Exercise details — With the pictures omitted, repeat exactly the lines below starting with the line that has "Discrete Transfer Fcn/1 -> 20Hz filter/1" and going on through the line that has "Angle Conversion2 : aerolibconvert2/Angle".

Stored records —
>>>>>

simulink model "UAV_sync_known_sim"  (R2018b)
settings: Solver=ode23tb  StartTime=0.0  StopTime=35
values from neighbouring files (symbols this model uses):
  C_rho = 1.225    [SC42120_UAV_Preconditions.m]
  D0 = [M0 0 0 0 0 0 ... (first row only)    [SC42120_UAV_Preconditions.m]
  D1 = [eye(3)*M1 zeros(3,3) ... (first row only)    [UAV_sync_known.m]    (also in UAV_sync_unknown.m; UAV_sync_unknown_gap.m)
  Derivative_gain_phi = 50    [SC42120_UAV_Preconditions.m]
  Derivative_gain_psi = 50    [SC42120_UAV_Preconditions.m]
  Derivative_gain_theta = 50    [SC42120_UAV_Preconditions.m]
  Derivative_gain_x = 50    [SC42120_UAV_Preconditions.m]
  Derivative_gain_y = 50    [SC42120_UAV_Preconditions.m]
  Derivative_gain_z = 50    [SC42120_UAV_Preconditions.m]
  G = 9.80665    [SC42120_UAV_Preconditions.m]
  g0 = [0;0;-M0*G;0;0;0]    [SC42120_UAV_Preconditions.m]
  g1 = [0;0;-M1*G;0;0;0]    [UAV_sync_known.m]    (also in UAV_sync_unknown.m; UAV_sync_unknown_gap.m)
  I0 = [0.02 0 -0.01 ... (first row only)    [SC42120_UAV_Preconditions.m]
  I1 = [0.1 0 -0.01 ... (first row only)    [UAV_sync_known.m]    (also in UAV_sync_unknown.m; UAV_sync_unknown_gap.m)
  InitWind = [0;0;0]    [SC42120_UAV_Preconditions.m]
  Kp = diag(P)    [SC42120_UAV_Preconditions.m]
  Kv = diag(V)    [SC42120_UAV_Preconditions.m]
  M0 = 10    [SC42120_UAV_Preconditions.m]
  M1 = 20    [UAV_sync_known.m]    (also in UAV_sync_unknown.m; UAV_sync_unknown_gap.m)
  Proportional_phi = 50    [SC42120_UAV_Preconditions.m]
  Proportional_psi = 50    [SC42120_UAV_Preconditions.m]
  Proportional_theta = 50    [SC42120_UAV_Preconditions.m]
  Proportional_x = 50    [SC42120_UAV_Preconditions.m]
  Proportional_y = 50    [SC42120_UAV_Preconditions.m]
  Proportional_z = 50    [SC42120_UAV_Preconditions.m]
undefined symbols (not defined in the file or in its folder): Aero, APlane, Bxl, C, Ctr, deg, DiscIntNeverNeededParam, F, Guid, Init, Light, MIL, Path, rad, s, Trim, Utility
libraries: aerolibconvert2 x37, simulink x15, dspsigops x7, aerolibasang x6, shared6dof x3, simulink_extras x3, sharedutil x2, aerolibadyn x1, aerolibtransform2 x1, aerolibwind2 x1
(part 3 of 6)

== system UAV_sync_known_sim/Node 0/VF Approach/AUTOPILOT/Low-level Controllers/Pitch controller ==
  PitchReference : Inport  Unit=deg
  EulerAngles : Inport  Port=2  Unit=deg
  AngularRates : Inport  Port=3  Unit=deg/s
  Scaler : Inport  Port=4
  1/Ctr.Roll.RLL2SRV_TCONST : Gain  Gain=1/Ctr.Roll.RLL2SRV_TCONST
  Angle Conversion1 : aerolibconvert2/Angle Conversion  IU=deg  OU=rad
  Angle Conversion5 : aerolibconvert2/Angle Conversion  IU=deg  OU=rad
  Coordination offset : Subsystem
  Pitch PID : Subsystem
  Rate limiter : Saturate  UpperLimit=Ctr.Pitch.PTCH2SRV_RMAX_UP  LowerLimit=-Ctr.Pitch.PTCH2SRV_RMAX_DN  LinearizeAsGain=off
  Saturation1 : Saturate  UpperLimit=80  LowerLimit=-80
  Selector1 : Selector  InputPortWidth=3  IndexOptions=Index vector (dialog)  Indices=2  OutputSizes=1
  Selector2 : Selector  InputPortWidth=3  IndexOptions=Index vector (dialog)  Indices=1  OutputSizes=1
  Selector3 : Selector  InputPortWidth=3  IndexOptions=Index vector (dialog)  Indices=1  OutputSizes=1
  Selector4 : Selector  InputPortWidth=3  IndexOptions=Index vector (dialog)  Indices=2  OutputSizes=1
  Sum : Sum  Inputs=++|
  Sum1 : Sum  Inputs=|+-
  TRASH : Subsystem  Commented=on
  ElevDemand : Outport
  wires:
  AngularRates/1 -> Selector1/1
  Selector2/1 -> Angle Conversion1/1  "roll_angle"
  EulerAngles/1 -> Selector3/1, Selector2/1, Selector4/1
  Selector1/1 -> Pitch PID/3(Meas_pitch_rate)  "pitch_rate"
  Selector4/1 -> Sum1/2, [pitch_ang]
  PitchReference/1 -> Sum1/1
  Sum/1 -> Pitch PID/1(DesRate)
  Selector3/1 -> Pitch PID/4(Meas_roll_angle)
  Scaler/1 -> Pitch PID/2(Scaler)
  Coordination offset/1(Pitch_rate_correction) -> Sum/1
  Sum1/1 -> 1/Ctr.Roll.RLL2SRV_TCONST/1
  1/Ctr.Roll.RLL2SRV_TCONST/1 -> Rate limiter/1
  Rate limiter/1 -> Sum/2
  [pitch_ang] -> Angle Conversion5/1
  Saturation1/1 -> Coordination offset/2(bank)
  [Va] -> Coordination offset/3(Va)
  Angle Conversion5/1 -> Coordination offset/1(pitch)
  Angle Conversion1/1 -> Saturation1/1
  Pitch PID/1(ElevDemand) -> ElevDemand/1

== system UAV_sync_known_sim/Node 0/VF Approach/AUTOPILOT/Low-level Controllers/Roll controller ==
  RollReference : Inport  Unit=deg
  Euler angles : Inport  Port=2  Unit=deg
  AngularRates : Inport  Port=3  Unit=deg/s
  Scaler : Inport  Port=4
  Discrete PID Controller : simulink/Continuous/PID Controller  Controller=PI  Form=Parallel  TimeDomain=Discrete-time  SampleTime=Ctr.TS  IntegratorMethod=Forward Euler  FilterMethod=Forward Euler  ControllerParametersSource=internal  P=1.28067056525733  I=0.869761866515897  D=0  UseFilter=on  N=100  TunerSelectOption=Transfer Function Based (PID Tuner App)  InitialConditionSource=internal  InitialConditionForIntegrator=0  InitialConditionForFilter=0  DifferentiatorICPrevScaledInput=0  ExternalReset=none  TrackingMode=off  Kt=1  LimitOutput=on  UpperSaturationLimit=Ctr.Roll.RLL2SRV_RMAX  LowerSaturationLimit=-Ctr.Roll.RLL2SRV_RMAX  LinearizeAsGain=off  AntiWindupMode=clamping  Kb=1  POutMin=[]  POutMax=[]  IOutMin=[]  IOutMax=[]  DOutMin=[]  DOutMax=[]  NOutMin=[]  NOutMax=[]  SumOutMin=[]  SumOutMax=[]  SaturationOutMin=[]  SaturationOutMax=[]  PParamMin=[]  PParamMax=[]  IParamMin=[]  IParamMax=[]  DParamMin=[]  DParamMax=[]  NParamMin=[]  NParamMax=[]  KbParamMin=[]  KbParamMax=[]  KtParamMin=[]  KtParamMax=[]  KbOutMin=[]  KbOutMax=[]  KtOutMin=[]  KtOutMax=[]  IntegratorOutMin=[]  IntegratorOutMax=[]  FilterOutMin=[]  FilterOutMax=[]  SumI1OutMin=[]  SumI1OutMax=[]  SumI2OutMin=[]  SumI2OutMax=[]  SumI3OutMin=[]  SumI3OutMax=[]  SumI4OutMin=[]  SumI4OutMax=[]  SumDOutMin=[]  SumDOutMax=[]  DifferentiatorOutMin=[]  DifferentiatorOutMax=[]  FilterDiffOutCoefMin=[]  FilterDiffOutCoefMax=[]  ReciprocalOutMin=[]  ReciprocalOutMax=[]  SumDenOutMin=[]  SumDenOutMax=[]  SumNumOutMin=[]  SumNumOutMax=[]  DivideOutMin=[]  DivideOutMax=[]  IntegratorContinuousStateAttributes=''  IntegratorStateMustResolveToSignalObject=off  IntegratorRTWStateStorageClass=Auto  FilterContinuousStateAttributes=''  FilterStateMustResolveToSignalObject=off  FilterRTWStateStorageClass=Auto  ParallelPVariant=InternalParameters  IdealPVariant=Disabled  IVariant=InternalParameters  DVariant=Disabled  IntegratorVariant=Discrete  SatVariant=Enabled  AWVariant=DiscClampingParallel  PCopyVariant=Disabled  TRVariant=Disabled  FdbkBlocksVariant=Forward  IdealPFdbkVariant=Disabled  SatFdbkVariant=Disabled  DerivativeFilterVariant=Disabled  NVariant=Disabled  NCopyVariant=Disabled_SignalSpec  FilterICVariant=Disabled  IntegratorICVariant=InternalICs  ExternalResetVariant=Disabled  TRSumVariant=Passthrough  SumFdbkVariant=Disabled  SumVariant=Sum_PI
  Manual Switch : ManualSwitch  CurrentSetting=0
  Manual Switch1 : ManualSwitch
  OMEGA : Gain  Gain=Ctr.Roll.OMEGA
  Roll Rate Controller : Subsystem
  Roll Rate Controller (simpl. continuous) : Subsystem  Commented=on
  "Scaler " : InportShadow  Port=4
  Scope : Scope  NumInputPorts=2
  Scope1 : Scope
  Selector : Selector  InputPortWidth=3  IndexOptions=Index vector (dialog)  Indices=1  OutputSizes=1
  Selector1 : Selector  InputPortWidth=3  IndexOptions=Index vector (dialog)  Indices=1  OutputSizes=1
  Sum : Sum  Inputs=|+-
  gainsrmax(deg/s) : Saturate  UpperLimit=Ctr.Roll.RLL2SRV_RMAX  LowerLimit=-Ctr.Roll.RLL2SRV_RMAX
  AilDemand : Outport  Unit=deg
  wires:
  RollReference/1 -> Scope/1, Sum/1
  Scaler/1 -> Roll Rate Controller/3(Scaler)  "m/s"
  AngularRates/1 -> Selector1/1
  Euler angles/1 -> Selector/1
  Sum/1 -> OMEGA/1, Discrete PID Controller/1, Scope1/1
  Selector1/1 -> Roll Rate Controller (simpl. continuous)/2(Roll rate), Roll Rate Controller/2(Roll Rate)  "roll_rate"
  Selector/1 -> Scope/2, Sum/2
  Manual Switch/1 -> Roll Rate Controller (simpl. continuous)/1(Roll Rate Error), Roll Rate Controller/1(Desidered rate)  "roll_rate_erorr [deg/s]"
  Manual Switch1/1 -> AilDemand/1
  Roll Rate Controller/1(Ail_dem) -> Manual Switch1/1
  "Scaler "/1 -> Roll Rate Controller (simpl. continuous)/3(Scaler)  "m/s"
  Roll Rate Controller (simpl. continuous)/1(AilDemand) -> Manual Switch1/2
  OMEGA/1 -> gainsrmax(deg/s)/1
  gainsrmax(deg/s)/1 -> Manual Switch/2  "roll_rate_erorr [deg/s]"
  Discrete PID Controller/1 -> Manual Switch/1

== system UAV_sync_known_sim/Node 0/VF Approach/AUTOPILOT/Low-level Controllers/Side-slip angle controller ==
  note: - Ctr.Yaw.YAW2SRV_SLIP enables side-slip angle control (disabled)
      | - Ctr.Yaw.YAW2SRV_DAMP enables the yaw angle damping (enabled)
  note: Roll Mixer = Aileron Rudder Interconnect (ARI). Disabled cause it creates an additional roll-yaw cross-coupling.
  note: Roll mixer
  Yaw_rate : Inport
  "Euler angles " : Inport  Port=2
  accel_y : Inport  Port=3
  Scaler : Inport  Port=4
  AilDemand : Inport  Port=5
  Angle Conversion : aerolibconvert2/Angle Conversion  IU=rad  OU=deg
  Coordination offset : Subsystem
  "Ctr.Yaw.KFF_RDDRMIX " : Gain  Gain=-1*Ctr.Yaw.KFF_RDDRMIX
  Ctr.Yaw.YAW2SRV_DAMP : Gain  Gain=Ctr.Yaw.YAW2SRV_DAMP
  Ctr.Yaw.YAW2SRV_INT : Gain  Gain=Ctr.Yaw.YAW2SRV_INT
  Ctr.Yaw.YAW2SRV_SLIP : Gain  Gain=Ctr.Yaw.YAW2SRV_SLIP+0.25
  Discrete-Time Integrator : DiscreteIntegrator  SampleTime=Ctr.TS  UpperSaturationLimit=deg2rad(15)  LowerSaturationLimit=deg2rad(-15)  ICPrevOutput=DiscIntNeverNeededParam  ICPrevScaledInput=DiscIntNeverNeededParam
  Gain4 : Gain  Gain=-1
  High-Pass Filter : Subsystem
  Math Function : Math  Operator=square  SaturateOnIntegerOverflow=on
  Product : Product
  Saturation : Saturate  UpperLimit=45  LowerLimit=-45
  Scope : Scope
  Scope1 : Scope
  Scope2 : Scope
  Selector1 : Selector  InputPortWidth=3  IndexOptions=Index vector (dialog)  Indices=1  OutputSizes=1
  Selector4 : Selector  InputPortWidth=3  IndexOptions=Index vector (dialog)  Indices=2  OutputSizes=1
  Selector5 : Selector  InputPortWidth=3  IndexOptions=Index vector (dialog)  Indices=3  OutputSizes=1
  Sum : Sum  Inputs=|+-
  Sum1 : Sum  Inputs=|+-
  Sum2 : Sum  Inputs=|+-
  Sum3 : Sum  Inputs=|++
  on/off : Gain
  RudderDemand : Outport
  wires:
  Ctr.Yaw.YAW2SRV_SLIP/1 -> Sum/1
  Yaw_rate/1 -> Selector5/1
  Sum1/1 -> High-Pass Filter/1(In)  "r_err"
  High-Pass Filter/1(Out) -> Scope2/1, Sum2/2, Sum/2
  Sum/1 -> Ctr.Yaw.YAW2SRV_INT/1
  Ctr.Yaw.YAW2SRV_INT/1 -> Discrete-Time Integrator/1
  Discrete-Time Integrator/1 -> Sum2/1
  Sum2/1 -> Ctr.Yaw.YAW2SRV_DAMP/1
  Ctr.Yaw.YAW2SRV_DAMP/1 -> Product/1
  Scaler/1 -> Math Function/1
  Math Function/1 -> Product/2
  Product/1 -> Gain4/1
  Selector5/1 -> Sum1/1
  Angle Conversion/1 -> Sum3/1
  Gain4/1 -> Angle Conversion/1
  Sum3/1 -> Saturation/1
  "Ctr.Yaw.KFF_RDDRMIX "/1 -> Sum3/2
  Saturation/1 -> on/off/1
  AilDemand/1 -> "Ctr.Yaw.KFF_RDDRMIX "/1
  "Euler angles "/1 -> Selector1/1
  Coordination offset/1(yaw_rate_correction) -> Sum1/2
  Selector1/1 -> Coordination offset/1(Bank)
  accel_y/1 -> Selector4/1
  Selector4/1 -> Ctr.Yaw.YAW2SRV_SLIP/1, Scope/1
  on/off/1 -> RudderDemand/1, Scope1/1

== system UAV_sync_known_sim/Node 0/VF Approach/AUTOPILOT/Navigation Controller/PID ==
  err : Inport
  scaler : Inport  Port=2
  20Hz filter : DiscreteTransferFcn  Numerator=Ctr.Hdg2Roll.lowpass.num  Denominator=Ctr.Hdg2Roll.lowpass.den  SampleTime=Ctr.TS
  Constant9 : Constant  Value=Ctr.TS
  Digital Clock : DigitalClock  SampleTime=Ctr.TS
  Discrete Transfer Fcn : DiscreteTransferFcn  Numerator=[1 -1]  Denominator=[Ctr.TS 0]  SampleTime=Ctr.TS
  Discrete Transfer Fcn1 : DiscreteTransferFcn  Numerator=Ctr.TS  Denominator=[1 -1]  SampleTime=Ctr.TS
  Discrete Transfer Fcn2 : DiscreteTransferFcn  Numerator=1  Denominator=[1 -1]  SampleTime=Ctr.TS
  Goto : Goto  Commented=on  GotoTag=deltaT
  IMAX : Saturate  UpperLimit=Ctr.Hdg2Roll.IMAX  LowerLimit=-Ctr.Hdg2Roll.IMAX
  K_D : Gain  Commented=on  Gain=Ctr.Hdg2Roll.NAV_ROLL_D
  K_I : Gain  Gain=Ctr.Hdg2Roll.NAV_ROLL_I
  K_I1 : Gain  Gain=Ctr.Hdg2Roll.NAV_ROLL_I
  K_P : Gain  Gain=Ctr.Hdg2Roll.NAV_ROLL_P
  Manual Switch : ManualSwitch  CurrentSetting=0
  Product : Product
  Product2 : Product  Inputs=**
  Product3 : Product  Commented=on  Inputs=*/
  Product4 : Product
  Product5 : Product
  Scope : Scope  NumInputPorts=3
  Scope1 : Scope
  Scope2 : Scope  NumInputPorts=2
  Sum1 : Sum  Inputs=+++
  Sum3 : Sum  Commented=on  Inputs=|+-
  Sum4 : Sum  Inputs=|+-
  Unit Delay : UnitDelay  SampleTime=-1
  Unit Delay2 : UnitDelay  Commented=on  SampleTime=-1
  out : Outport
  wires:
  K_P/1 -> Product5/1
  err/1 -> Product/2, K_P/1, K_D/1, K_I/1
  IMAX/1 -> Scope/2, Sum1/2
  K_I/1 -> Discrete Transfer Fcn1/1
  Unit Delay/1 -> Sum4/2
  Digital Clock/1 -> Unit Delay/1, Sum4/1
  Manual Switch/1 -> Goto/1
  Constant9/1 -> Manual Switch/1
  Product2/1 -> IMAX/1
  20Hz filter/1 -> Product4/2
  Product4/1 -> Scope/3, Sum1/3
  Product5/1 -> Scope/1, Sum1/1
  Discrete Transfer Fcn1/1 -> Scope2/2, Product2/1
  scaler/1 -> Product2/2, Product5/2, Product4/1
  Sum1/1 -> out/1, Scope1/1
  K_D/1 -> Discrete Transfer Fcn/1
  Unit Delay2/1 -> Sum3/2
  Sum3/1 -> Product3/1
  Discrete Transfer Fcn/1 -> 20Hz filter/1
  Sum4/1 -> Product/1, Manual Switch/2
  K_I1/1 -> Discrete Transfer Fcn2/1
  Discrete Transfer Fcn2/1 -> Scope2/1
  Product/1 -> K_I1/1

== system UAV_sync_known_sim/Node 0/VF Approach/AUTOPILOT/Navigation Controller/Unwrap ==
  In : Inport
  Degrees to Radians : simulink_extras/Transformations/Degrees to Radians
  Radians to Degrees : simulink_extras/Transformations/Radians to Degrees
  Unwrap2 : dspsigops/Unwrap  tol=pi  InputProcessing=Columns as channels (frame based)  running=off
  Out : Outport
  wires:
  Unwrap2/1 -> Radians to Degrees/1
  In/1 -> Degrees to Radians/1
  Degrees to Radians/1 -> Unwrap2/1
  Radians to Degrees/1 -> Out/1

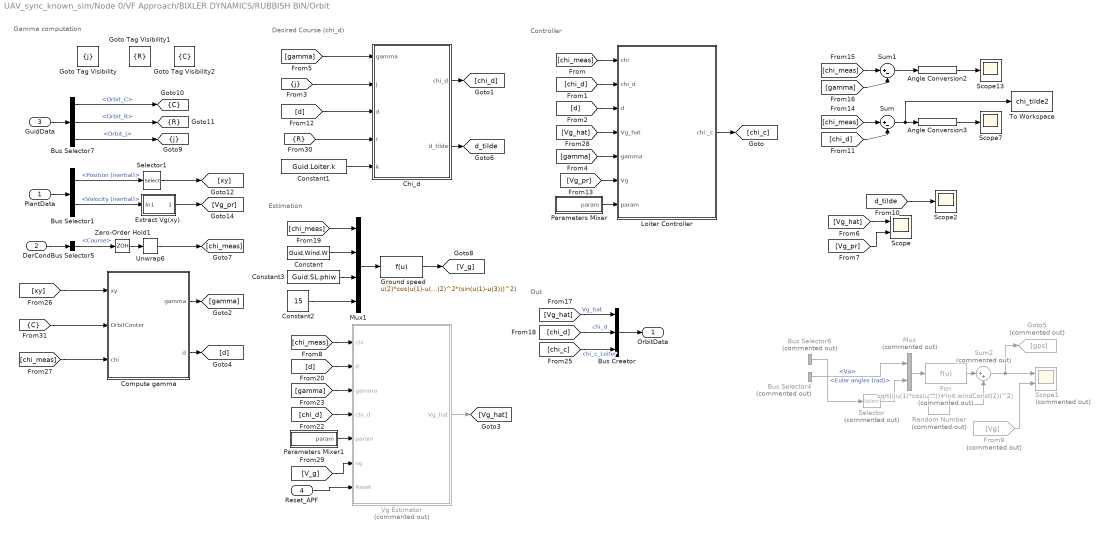
== system UAV_sync_known_sim/Node 0/VF Approach/BIXLER DYNAMICS/RUBBISH BIN/Orbit ==
  note: Out
  note: Controller
  note: Desired Course (chi_d)
  note: Gamma computation
  note: Estimation
  PlantData : Inport
  DerCond : Inport  Port=2
  GuidData : Inport  Port=3
  Reset_APF : Inport  Port=4
  Angle Conversion2 : aerolibconvert2/Angle Conversion  IU=rad  OU=deg
  Angle Conversion3 : aerolibconvert2/Angle Conversion  IU=rad  OU=deg
  Bus Creator : BusCreator  Inputs=3
  Bus Selector1 : BusSelector  OutputSignals=Position (inertial),Velocity (inertial)
  Bus Selector4 : BusSelector  Commented=on  OutputSignals=Va
  Bus Selector5 : BusSelector  OutputSignals=Course
  Bus Selector6 : BusSelector  Commented=on  OutputSignals=Euler angles (rad)
  Bus Selector7 : BusSelector  OutputSignals=Orbit_C,Orbit_R,Orbit_j
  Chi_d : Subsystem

<<<<<

Answer to this problem —
  Discrete Transfer Fcn/1 -> 20Hz filter/1
  Sum4/1 -> Product/1, Manual Switch/2
  K_I1/1 -> Discrete Transfer Fcn2/1
  Discrete Transfer Fcn2/1 -> Scope2/1
  Product/1 -> K_I1/1

== system UAV_sync_known_sim/Node 0/VF Approach/AUTOPILOT/Navigation Controller/Unwrap ==
  In : Inport
  Degrees to Radians : simulink_extras/Transformations/Degrees to Radians
  Radians to Degrees : simulink_extras/Transformations/Radians to Degrees
  Unwrap2 : dspsigops/Unwrap  tol=pi  InputProcessing=Columns as channels (frame based)  running=off
  Out : Outport
  wires:
  Unwrap2/1 -> Radians to Degrees/1
  In/1 -> Degrees to Radians/1
  Degrees to Radians/1 -> Unwrap2/1
  Radians to Degrees/1 -> Out/1

== system UAV_sync_known_sim/Node 0/VF Approach/BIXLER DYNAMICS/RUBBISH BIN/Orbit ==
  note: Out
  note: Controller
  note: Desired Course (chi_d)
  note: Gamma computation
  note: Estimation
  PlantData : Inport
  DerCond : Inport  Port=2
  GuidData : Inport  Port=3
  Reset_APF : Inport  Port=4
  Angle Conversion2 : aerolibconvert2/Angle Conversion  IU=rad  OU=deg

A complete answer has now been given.